I remember when I once counted ducks. That is level 3. I have since graduated into a higher level of waterfowling, I am now at level 4, one away from the highest level which is 5.

At level 5, you are no longer driving like a mad man the last hour of daylight looking for the best spot in the County, you don't care if the guys in the pond a mile away limited out and you only bagged 2 - you have been there and done that, you start using the words harvested or bagged rather than killed, you walk away from 3 days of hunting in a row where you shot half a limit of birds that worked really close and you made clean hits and say to yourself "I just had some of the finest hunting a guy could have", you get more enjoyment watching your best bud make a nice shot than you do actually taking the shot yourself, your not the first one to shoot when the order is given to "take em", you could care less if you only need one more bird to "fill out" and you leave the field early, you have a passion for waterfowl conservation, you enjoy honing off season waterfowl skills like dog training, and listing to others brag about the number of birds they "killed" repulses you because it reminds you of what you once were.

Hydro.


----------



## cbass (Sep 9, 2003)

i still hunt with guys that have to jump up and say how many they shot out of a flock after we decoy them. **** just cracks me up and you would think that at 25 years old they would start to outgrow the childness but maybe next year. As far as the number of ducks i shot it was 533!! Beat that. :lol:


----------



## Goldeneye (Feb 24, 2006)

Hydro870,

You got it.

I hope we can share a field one day!


----------



## shotgunner (Oct 15, 2002)

Hydro, I couldn't have said it better myself.


----------



## buckseye (Dec 8, 2003)

harvested, bagged are city dwellers terms, out here when we harvest we use tractors and combines and machinery, never guns for harvest. We kill animals for food, the entire animal must die to eat it, you can't just harvest a steak off it. And bagged, that has to come from the military from when they put dead soldiers in a body bag. Is it respectful to the fallen soldiers to bag animals too. I suppose in this ever more PC world where men worry about their looks more than women I should learn to expect the bizarre.

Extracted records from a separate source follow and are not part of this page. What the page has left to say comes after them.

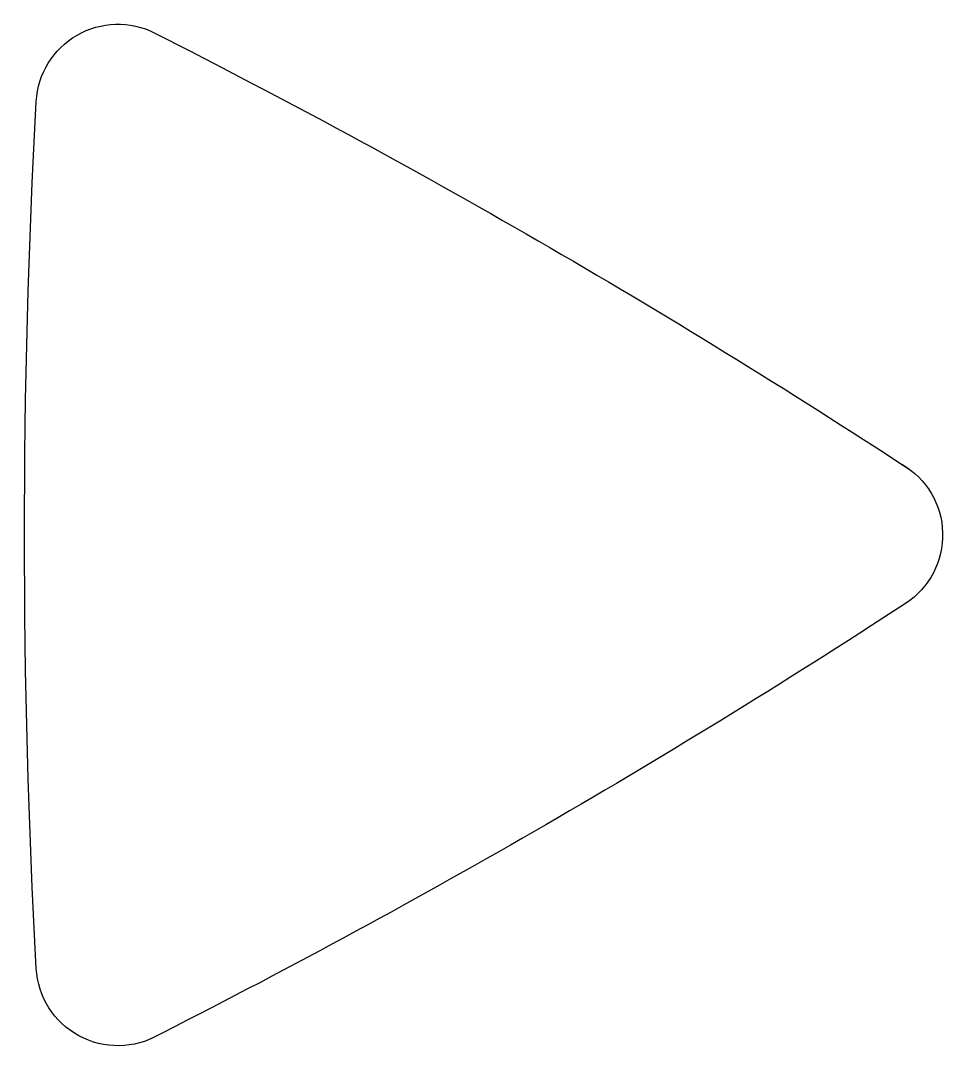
# Model space of a CAD drawing. Header units: millimetres. Extents: x 16790 to 17186, y 1888 to 2329.
import ezdxf

# ---------------------------------------------------------------- set-up
doc = ezdxf.new("R2010")
doc.units = ezdxf.units.MM
doc.layers.add('Livello 02', color=192, linetype='Continuous', true_color=0x7d26cd)

msp = doc.modelspace()

# ---------------------------------------------------------------- linework, layer by layer
at = {"layer": 'Livello 02', "extrusion": (0, 0, -1)}
for centre, radius, start, end in [((-16831.77, 2292.37), 35, 3.1156, 116.8763), ((-15310.47, -709.35), 3400.21, 116.87629, 123.17219), ((-20209.46, 2108.51), 3417.69, 356.88438, 3.11562), ((-17150.21, 2108.51), 35, 120, 236.8763), ((-15311.3, 4926.85), 3400.21, 236.87629, 243.17219), ((-16831.77, 1924.66), 35, 240, 356.8844)]:
    msp.add_arc(centre, radius, start, end, dxfattribs=at)

doc.saveas('drawing.dxf')
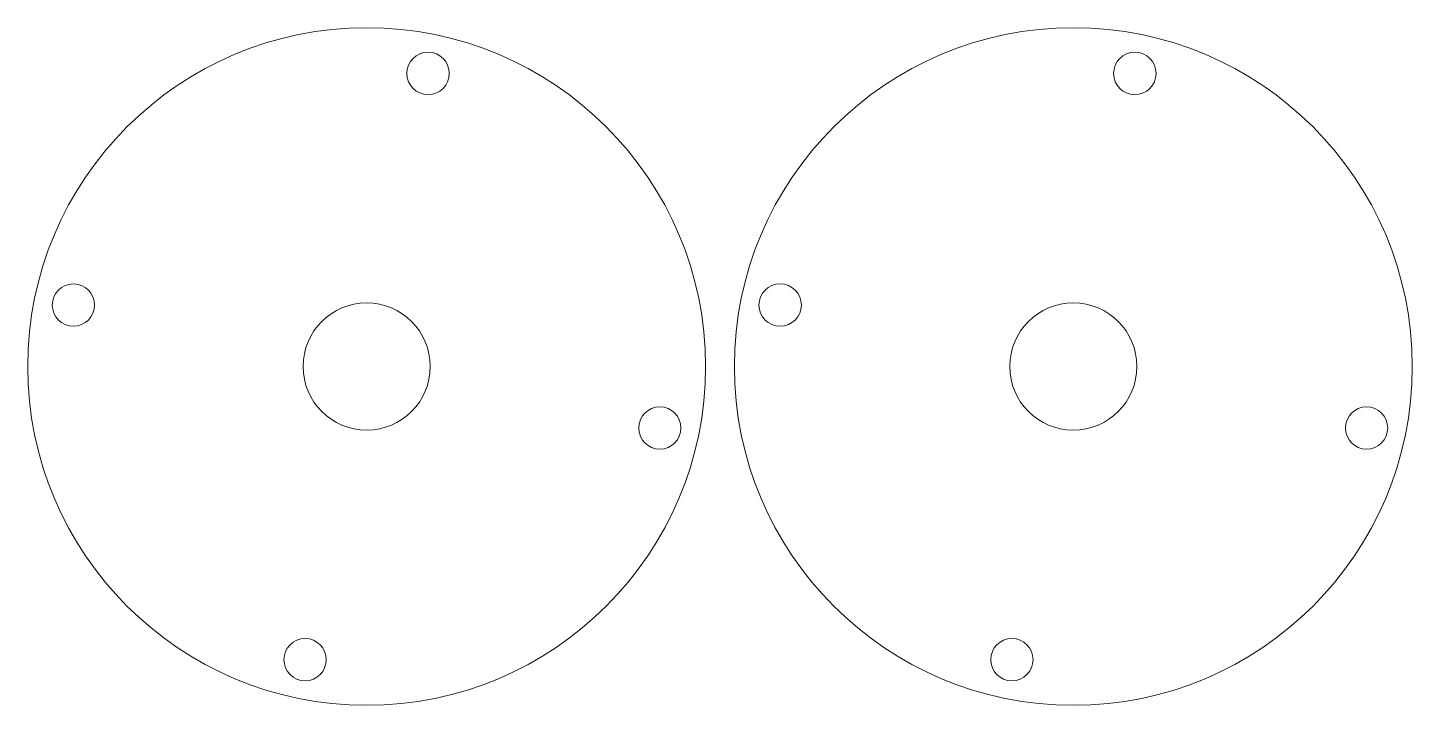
# Model space of a CAD drawing. Header units: millimetres. Extents: x 5 to 213, y 200 to 301.
import ezdxf

# ---------------------------------------------------------------- set-up
doc = ezdxf.new("R2010")
doc.units = ezdxf.units.MM

msp = doc.modelspace()

# ---------------------------------------------------------------- linework, layer by layer
at = {"color": 5, "linetype": 'Continuous', "lineweight": 15}
for centre in [(55.88, 250.37), (161.8, 250.37)]:
    msp.add_circle(centre, 50.8, dxfattribs=at)
at = {"color": 1, "linetype": 'Continuous', "lineweight": 15}
for centre, radius in [((65.09, 294.31), 3.18), ((171.01, 294.31), 3.18), ((11.93, 259.58), 3.17), ((117.85, 259.58), 3.18), ((55.88, 250.37), 9.53), ((161.8, 250.37), 9.53), ((99.82, 241.15), 3.17), ((205.74, 241.15), 3.17), ((46.66, 206.42), 3.17), ((152.58, 206.42), 3.17)]:
    msp.add_circle(centre, radius, dxfattribs=at)

doc.saveas('drawing.dxf')
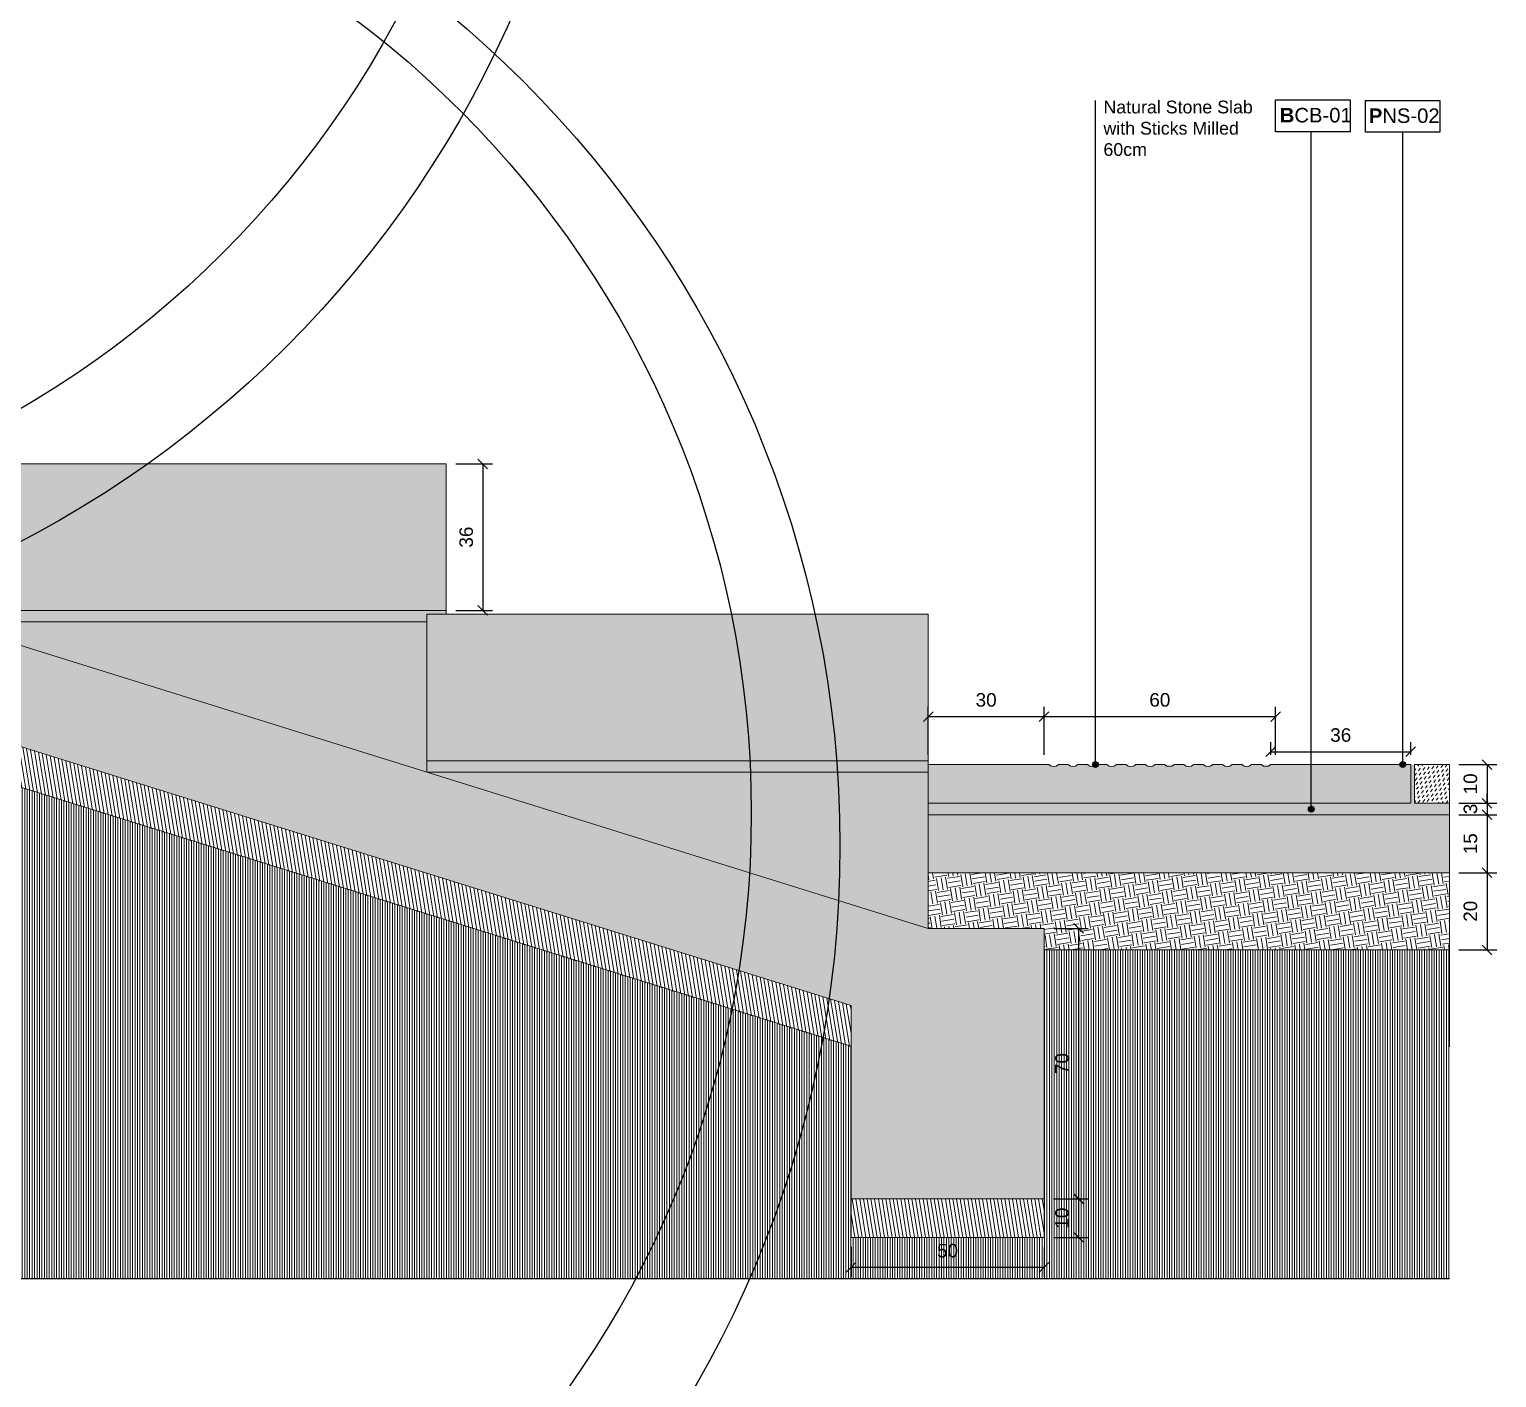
# Model space of a CAD drawing. Header units: metres. Extents: x -325 to 301, y -147 to 149.
# Drawn here: x 77.556 to 81.357, y 45.135 to 48.628 of the extents above; entities that cross this region are included whole.
import ezdxf

# ---------------------------------------------------------------- set-up
doc = ezdxf.new("R2010")
doc.units = ezdxf.units.M
doc.layers.get('Defpoints').update_dxf_attribs({"lineweight": 13})
for name, color, linetype, plot in [('-AUX_MON', 3, 'Continuous', False), ('-AUX_RIM', 2, 'Continuous', False), ('00-AUX', 50, 'Continuous', False)]:
    doc.layers.add(name, color=color, linetype=linetype, plot=plot)
doc.layers.add('0-TX-1_25', color=7, linetype='Continuous', true_color=0x3f4f7f)
doc.layers.add('EIT_3 TR sorra', color=7, linetype='Continuous', true_color=0xd8ceb0)
doc.layers.add('03-TR-Paviment_08_Natural Stone Bleachers', color=7, linetype='Continuous', lineweight=5, true_color=0xafad9d)
doc.layers.add('3-TR tot_u', color=7, linetype='Continuous', lineweight=5, true_color=0x787878)
for name, color, linetype, lineweight in [('1-CM', 7, 'Continuous', 0), ('2-L-secció', 1, 'Continuous', 0), ('3-TR Formigó', 252, 'Continuous', 0), ('3-TR Seleccionat', 44, 'Continuous', 0), ('3-TR Tot-u', 37, 'Continuous', 0)]:
    doc.layers.add(name, color=color, linetype=linetype, lineweight=lineweight)
doc.layers.add('A-KEYPLAN_HATCH', color=7, linetype='Continuous')
doc.layers.add('A_TEXT_2', color=7, linetype='Continuous')
doc.styles.get("Standard").update_dxf_attribs({"font": 'arial.ttf'})
doc.dimstyles.new('ISO-25', dxfattribs={"dimtxt": 0.1, "dimasz": 0.1, "dimexe": 0.1, "dimexo": 0.1, "dimgap": 0.1, "dimtad": 1, "dimdec": 0, "dimlfac": 100, "dimzin": 9, "dimtxsty": 'Standard', "dimblk": 'OBLIQUE', "dimcen": 0.1, "dimadec": 0, "dimazin": 0, "dimtfac": 1, "dimtdec": 0, "dimtmove": 0, "dimatfit": 3, "dimldrblk": 'OBLIQUE', "dimfxl": 1, "dimarcsym": 0})

# ---------------------------------------------------------------- blocks, each defined once
blk = doc.blocks.new('_Oblique')
at = {"color": 0, "lineweight": -2}
blk.add_line((-0.5, -0.5), (0.5, 0.5), dxfattribs=at)
blk = doc.blocks.new('*D213')
at = {"layer": '0-TX-1_25', "color": 0, "lineweight": -2, "transparency": 16777216}
for p, q in [((78.661, 47.5023), (78.756, 47.5023)), ((78.731, 47.5023), (78.731, 47.1229)), ((78.661, 47.1229), (78.756, 47.1229))]:
    blk.add_line(p, q, dxfattribs=at)
at = {"layer": 'Defpoints', "color": 0, "transparency": 16777216}
for p in [(78.636, 47.5023), (78.636, 47.1229), (78.731, 47.1229)]:
    blk.add_point(p, dxfattribs=at)
at = {"layer": '0-TX-1_25', "color": 0, "lineweight": -2, "transparency": 16777216, "xscale": 0.025, "yscale": 0.025, "zscale": 0.025}
for p, rotation in [((78.731, 47.5023), 90), ((78.731, 47.1229), 270)]:
    blk.add_blockref('_Oblique', p, dxfattribs=dict(at, rotation=rotation))
at = {"layer": '0-TX-1_25', "color": 0, "transparency": 16777216, "insert": (78.6881, 47.3126), "char_height": 0.035, "attachment_point": 5, "rotation": 90}
blk.add_mtext('36', dxfattribs=at)
blk = doc.blocks.new('*D1809')
at = {"layer": '0-TX-1_25', "color": 0, "lineweight": -2, "transparency": 16777216}
for p, q in [((81.2599, 46.7234), (81.3575, 46.7234)), ((81.3325, 46.7234), (81.3325, 46.6234)), ((81.2599, 46.6234), (81.3575, 46.6234))]:
    blk.add_line(p, q, dxfattribs=at)
at = {"layer": 'Defpoints', "color": 0, "transparency": 16777216}
for p in [(81.2349, 46.7234), (81.2349, 46.6234), (81.3325, 46.6234)]:
    blk.add_point(p, dxfattribs=at)
at = {"layer": '0-TX-1_25', "color": 0, "lineweight": -2, "transparency": 16777216, "xscale": 0.025, "yscale": 0.025, "zscale": 0.025}
for p, rotation in [((81.3325, 46.7234), 90), ((81.3325, 46.6234), 270)]:
    blk.add_blockref('_Oblique', p, dxfattribs=dict(at, rotation=rotation))
at = {"layer": '0-TX-1_25', "color": 0, "transparency": 16777216, "insert": (81.2896, 46.6734), "char_height": 0.035, "attachment_point": 5, "rotation": 90}
blk.add_mtext('10', dxfattribs=at)
blk = doc.blocks.new('hatch keyplan 2')
at = {"layer": 'A-KEYPLAN_HATCH'}
blk.add_lwpolyline([(0, 0.00548), (0.01287, 0.00548), (0.01287, 0), (0, 0)], close=True, dxfattribs=at)
blk = doc.blocks.new('hatch keyplan')
at = {"layer": 'A-KEYPLAN_HATCH'}
blk.add_blockref('hatch keyplan 2', (1.43058, 0.85215), dxfattribs=at)
blk = doc.blocks.new('PNS01')
at = {"layer": 'A-KEYPLAN_HATCH'}
blk.add_blockref('hatch keyplan', (-1.42958, -0.85215), dxfattribs=at)
at = {"layer": 'A_TEXT_2', "insert": (0.0002, 0.00408), "char_height": 0.0025, "attachment_point": 1}
blk.add_mtext_dynamic_manual_height_columns('\\pi0.00139;{\\fArial|b1|i0|c0|p34;P}NS-02', width=0.0145619, gutter_width=0.015, heights=[0], dxfattribs=at)
blk = doc.blocks.new('POINT')
at = {"layer": '0-TX-1_25'}
h = blk.add_hatch(dxfattribs=at)
h.set_pattern_fill('ANGLE', color=256)
h.set_pattern_definition([(0, (-83.747, -12.726), (0, 6.985), [5.08, -1.905]), (90, (-83.747, -12.726), (-6.985, 4e-16), [5.08, -1.905])])
edge = h.paths.add_edge_path()
edge.add_arc((0, 0), 0.0075, 0, 360)
h = blk.add_hatch(color=256, dxfattribs=at)
h.dxf.hatch_style = 1
edge = h.paths.add_edge_path()
edge.add_arc((0, 0), 0.0075, 0, 360)
blk.add_circle((0, 0), 0.0075, dxfattribs=at)
blk = doc.blocks.new('*D1810')
at = {"layer": '0-TX-1_25', "color": 0, "lineweight": -2, "transparency": 16777216}
for p, q in [((80.7724, 46.7484), (80.7724, 46.7818)), ((80.7724, 46.7568), (81.1349, 46.7568)), ((81.1349, 46.7484), (81.1349, 46.7818))]:
    blk.add_line(p, q, dxfattribs=at)
at = {"layer": 'Defpoints', "color": 0, "transparency": 16777216}
for p in [(81.1349, 46.7568), (80.7724, 46.7234), (81.1349, 46.7234)]:
    blk.add_point(p, dxfattribs=at)
at = {"layer": '0-TX-1_25', "color": 0, "lineweight": -2, "transparency": 16777216, "xscale": 0.025, "yscale": 0.025, "zscale": 0.025, "rotation": 180}
blk.add_blockref('_Oblique', (80.7724, 46.7568), dxfattribs=at)
at = {"layer": '0-TX-1_25', "color": 0, "lineweight": -2, "transparency": 16777216, "xscale": 0.025, "yscale": 0.025, "zscale": 0.025}
blk.add_blockref('_Oblique', (81.1349, 46.7568), dxfattribs=at)
at = {"layer": '0-TX-1_25', "color": 0, "transparency": 16777216, "insert": (80.9536, 46.7997), "char_height": 0.035, "attachment_point": 5}
blk.add_mtext('36', dxfattribs=at)
blk = doc.blocks.new('*D1811')
at = {"layer": '0-TX-1_25', "color": 0, "lineweight": -2, "transparency": 16777216}
for p, q in [((80.1849, 46.7484), (80.1849, 46.8729)), ((80.7849, 46.7484), (80.7849, 46.8729)), ((80.1849, 46.8479), (80.7849, 46.8479))]:
    blk.add_line(p, q, dxfattribs=at)
at = {"layer": 'Defpoints', "color": 0, "transparency": 16777216}
for p in [(80.7849, 46.8479), (80.1849, 46.7234), (80.7849, 46.7234)]:
    blk.add_point(p, dxfattribs=at)
at = {"layer": '0-TX-1_25', "color": 0, "lineweight": -2, "transparency": 16777216, "xscale": 0.025, "yscale": 0.025, "zscale": 0.025, "rotation": 180}
blk.add_blockref('_Oblique', (80.1849, 46.8479), dxfattribs=at)
at = {"layer": '0-TX-1_25', "color": 0, "lineweight": -2, "transparency": 16777216, "xscale": 0.025, "yscale": 0.025, "zscale": 0.025}
blk.add_blockref('_Oblique', (80.7849, 46.8479), dxfattribs=at)
at = {"layer": '0-TX-1_25', "color": 0, "transparency": 16777216, "insert": (80.4849, 46.8908), "char_height": 0.035, "attachment_point": 5}
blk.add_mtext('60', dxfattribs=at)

I hope you don't expect us country folks to change the way we talk.


----------



## ADN (Sep 27, 2005)

This is a philosphical difference that has nothing to do with one's place of residence. There are those who live in cities that are blood hunters and there are those who live in rural areas who see hunting as participating in the natural world not as being dominators of it.

Yes, animals die when we hunt however there are different reasons people hunt.

There are those who like to "hunt" because they find pleasure in causing harm or killing something.

There are those who hunt because of the challenge that it presents. Because of the chance to be out in solitude and to learn.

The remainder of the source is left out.